● **TASK TO CARRY OUT**
For each line below that contains the word "wire", make a copy.
====== RECORDS FOR PROCESSING ======
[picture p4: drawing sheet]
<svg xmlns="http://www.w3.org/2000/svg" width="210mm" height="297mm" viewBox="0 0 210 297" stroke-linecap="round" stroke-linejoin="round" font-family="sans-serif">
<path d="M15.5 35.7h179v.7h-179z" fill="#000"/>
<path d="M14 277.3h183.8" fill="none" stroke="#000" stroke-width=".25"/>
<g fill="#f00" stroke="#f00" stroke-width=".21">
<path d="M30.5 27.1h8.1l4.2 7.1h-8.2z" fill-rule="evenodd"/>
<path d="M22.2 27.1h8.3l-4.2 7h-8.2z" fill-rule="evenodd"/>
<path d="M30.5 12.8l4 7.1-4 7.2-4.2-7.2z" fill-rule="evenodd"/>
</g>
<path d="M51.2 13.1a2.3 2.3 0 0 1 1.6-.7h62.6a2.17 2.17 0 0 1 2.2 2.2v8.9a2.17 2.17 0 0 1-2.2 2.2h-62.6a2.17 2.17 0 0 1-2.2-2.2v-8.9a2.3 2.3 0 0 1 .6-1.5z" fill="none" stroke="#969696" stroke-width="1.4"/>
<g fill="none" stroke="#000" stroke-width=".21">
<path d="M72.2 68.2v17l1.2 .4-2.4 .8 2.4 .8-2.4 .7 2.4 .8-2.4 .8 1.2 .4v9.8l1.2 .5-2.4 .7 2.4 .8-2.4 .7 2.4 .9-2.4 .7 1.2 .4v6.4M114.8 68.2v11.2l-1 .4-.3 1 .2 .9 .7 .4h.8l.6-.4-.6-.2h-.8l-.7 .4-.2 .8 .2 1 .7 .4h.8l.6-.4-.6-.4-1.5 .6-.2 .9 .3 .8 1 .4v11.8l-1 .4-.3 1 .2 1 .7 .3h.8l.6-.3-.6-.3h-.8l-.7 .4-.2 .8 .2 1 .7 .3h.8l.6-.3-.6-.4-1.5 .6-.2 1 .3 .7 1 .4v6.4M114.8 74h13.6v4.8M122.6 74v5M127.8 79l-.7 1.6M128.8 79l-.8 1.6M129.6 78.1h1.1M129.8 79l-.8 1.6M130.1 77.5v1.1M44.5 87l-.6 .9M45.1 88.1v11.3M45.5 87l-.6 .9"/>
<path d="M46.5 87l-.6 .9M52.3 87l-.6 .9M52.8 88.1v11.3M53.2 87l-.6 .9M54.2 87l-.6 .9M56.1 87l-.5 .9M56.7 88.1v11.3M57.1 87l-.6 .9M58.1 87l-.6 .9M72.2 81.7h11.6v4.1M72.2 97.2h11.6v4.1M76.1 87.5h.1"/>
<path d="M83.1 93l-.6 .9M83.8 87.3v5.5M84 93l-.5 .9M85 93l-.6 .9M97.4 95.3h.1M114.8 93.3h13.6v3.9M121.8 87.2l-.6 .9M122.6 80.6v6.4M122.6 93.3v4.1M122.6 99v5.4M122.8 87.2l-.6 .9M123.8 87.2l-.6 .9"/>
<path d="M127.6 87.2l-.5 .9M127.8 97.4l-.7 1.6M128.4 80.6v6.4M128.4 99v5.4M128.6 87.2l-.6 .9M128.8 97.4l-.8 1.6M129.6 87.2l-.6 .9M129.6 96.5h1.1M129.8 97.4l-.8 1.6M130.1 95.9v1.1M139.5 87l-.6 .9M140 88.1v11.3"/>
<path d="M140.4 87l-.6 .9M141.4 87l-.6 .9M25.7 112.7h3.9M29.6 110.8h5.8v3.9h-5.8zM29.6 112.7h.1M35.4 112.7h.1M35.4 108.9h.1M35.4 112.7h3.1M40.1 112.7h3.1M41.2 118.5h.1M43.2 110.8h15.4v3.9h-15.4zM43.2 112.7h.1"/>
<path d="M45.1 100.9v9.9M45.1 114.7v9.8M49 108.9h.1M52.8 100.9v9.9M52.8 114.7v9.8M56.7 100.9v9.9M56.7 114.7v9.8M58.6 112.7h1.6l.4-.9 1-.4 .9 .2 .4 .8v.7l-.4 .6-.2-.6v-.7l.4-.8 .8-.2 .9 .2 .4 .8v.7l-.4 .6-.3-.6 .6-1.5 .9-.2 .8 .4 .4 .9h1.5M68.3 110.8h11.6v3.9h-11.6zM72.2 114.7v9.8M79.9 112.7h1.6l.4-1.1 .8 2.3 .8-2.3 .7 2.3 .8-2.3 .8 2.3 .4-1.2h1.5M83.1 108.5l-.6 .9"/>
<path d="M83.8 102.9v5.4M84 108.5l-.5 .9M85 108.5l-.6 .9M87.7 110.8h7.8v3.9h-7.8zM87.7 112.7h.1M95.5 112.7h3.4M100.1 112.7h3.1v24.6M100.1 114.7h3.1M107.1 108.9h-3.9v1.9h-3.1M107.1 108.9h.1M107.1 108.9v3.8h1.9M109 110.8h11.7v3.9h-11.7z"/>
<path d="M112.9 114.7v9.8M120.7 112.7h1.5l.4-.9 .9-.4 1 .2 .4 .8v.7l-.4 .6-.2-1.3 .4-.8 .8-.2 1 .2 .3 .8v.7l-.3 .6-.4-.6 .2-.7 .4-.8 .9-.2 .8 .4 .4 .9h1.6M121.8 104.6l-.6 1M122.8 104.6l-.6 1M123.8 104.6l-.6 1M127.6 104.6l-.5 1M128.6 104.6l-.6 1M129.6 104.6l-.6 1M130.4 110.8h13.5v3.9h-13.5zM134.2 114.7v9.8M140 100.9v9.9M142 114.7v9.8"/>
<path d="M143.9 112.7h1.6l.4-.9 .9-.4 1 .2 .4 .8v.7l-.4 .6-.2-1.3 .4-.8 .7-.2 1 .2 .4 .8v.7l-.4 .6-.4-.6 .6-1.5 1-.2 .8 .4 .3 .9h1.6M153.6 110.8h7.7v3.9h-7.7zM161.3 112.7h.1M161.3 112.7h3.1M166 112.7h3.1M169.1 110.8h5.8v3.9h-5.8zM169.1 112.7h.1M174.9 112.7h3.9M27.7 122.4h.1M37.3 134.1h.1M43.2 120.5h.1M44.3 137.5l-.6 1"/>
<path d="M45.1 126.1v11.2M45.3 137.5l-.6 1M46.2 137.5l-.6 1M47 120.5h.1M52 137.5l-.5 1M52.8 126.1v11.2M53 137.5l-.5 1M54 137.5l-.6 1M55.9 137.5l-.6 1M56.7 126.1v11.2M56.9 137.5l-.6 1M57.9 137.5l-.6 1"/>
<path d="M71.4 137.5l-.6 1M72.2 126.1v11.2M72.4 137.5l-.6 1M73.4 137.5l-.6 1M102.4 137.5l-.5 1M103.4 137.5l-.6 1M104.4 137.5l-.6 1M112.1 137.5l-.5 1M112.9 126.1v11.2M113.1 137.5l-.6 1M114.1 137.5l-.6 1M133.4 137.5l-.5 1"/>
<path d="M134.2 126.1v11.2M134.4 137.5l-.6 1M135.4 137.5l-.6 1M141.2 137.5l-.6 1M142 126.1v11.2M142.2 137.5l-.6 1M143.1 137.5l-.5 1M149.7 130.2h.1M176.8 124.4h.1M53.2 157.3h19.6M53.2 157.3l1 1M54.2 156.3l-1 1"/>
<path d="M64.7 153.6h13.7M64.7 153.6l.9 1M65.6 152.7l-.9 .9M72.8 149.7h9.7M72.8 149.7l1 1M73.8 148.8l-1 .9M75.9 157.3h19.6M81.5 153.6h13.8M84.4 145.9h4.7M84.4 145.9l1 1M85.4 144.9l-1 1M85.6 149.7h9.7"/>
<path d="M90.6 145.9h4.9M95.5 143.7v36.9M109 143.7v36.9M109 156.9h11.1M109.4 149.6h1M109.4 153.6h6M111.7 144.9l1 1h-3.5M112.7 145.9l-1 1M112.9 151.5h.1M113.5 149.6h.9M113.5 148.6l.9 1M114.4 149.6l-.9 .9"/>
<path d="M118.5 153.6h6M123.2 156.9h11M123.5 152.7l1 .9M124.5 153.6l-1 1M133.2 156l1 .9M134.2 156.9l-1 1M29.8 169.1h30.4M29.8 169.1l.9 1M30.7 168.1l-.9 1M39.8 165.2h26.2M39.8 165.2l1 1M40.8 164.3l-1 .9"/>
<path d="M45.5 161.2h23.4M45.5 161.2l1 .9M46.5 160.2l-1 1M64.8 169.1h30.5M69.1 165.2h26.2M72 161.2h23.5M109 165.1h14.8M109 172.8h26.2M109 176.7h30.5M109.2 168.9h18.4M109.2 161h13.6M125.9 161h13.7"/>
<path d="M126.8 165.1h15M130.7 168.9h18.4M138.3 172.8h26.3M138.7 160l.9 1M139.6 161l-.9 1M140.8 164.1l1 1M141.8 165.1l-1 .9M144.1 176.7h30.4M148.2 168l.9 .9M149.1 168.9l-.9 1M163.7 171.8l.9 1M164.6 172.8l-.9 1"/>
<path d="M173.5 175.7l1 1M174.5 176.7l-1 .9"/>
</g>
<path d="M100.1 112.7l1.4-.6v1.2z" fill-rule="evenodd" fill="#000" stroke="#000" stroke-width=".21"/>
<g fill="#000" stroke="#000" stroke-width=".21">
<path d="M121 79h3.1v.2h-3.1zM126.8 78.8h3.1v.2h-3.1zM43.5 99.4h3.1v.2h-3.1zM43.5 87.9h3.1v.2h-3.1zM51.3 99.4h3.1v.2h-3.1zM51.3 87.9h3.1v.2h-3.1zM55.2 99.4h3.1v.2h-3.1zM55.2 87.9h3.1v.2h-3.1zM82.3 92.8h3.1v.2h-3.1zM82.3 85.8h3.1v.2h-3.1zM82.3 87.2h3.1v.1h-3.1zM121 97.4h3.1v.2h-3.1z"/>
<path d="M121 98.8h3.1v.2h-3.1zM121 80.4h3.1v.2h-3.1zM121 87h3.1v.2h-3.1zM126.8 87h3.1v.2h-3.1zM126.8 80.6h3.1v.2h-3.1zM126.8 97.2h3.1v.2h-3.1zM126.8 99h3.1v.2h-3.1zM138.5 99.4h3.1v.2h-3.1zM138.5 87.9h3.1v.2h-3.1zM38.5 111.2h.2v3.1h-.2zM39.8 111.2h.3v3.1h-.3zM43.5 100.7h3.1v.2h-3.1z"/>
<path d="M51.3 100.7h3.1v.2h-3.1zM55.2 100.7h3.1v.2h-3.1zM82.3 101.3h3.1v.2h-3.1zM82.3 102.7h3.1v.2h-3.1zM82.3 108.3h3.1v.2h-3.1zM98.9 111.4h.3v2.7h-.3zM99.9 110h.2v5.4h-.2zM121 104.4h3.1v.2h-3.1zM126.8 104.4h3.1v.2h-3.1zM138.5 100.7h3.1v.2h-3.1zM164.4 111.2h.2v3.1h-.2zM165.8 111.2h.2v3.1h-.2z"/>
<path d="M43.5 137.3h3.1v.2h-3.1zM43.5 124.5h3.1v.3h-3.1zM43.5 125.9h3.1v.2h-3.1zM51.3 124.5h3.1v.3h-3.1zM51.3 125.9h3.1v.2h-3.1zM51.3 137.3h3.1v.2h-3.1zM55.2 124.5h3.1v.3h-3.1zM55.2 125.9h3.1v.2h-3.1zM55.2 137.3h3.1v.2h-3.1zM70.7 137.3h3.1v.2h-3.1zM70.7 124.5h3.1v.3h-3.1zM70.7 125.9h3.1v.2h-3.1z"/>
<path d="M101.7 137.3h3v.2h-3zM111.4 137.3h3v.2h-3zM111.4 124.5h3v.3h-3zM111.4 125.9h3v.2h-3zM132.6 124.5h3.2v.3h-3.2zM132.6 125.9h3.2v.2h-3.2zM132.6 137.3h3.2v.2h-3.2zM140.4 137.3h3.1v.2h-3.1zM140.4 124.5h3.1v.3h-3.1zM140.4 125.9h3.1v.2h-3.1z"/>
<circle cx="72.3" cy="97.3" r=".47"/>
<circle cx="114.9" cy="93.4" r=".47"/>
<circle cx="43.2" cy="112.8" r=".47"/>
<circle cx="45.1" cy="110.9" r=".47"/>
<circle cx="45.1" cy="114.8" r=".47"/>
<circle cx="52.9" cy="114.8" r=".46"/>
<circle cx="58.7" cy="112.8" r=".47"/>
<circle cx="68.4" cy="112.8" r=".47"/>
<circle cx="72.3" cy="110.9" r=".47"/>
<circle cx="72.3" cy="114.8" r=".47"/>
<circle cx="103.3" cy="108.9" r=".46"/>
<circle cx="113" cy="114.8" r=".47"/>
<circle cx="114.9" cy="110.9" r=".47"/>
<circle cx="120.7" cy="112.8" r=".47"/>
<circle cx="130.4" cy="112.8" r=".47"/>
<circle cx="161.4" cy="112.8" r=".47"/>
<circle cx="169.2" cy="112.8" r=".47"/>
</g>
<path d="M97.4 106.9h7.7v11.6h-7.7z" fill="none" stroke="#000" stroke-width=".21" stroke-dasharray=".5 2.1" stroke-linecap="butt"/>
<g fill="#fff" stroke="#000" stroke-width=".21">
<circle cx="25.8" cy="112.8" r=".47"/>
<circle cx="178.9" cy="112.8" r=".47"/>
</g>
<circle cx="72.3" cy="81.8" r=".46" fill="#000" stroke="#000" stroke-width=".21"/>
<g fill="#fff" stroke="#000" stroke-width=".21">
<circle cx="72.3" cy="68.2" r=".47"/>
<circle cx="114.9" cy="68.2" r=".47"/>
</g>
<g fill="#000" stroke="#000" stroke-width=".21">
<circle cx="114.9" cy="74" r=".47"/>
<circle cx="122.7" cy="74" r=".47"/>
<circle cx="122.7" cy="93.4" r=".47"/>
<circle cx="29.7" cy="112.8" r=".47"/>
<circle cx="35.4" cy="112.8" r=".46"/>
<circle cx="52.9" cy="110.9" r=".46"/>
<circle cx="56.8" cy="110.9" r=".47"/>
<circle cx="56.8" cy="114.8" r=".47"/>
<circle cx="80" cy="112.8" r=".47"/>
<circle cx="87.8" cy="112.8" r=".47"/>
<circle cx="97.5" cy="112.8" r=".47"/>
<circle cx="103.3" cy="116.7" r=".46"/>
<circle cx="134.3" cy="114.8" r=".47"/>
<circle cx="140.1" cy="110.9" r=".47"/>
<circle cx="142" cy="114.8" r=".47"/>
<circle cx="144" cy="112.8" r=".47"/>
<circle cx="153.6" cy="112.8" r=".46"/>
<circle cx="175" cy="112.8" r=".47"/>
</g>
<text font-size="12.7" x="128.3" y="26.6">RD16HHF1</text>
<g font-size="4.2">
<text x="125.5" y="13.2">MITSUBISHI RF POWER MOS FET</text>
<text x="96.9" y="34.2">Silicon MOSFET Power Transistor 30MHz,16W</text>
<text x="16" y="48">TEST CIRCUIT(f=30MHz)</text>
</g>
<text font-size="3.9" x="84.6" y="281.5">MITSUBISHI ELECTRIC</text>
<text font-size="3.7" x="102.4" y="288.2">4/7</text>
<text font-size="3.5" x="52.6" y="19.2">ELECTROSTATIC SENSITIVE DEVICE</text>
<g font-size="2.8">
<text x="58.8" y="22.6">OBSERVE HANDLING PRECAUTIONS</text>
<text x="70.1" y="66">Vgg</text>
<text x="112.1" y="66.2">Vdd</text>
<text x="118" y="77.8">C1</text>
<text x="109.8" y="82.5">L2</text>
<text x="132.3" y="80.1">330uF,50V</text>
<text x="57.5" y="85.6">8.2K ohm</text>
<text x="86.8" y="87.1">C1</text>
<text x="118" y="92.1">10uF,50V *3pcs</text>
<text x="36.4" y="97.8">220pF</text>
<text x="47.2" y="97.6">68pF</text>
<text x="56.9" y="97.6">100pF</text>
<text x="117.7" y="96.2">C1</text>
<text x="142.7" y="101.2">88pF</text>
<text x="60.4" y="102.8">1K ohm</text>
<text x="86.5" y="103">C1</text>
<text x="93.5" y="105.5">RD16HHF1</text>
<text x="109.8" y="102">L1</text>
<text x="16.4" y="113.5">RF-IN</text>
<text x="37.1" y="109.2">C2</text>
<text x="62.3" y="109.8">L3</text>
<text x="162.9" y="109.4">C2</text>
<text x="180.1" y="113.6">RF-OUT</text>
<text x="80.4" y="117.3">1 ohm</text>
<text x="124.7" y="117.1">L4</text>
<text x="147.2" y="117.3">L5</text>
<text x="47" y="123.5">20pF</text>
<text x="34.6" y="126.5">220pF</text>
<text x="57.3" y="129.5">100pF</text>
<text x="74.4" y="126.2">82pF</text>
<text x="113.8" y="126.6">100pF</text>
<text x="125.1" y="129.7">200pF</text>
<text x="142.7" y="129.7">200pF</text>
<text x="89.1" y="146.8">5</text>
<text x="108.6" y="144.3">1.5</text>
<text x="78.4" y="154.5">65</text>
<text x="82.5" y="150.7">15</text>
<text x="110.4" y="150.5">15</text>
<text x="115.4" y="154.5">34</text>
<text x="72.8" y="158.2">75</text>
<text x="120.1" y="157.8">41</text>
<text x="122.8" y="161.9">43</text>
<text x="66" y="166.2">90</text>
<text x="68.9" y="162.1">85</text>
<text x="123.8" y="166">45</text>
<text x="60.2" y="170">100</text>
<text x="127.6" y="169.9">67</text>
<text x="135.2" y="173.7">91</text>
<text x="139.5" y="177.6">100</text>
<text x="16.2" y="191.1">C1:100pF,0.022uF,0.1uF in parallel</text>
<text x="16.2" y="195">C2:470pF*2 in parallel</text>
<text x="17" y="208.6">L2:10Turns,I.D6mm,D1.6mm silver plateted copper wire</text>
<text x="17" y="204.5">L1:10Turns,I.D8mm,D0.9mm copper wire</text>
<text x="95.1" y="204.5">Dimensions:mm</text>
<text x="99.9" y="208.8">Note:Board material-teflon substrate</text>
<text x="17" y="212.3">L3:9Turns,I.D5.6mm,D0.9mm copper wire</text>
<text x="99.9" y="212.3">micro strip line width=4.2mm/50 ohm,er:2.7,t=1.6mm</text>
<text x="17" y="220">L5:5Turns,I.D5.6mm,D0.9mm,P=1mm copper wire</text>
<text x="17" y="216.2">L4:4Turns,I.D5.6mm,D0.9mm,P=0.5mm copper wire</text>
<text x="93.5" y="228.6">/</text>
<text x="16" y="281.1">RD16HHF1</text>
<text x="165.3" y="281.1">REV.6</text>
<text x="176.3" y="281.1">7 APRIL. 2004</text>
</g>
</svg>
======
● **SOLUTION**
<text x="17" y="208.6">L2:10Turns,I.D6mm,D1.6mm silver plateted copper wire</text>
<text x="17" y="204.5">L1:10Turns,I.D8mm,D0.9mm copper wire</text>
<text x="17" y="212.3">L3:9Turns,I.D5.6mm,D0.9mm copper wire</text>
<text x="17" y="220">L5:5Turns,I.D5.6mm,D0.9mm,P=1mm copper wire</text>
<text x="17" y="216.2">L4:4Turns,I.D5.6mm,D0.9mm,P=0.5mm copper wire</text>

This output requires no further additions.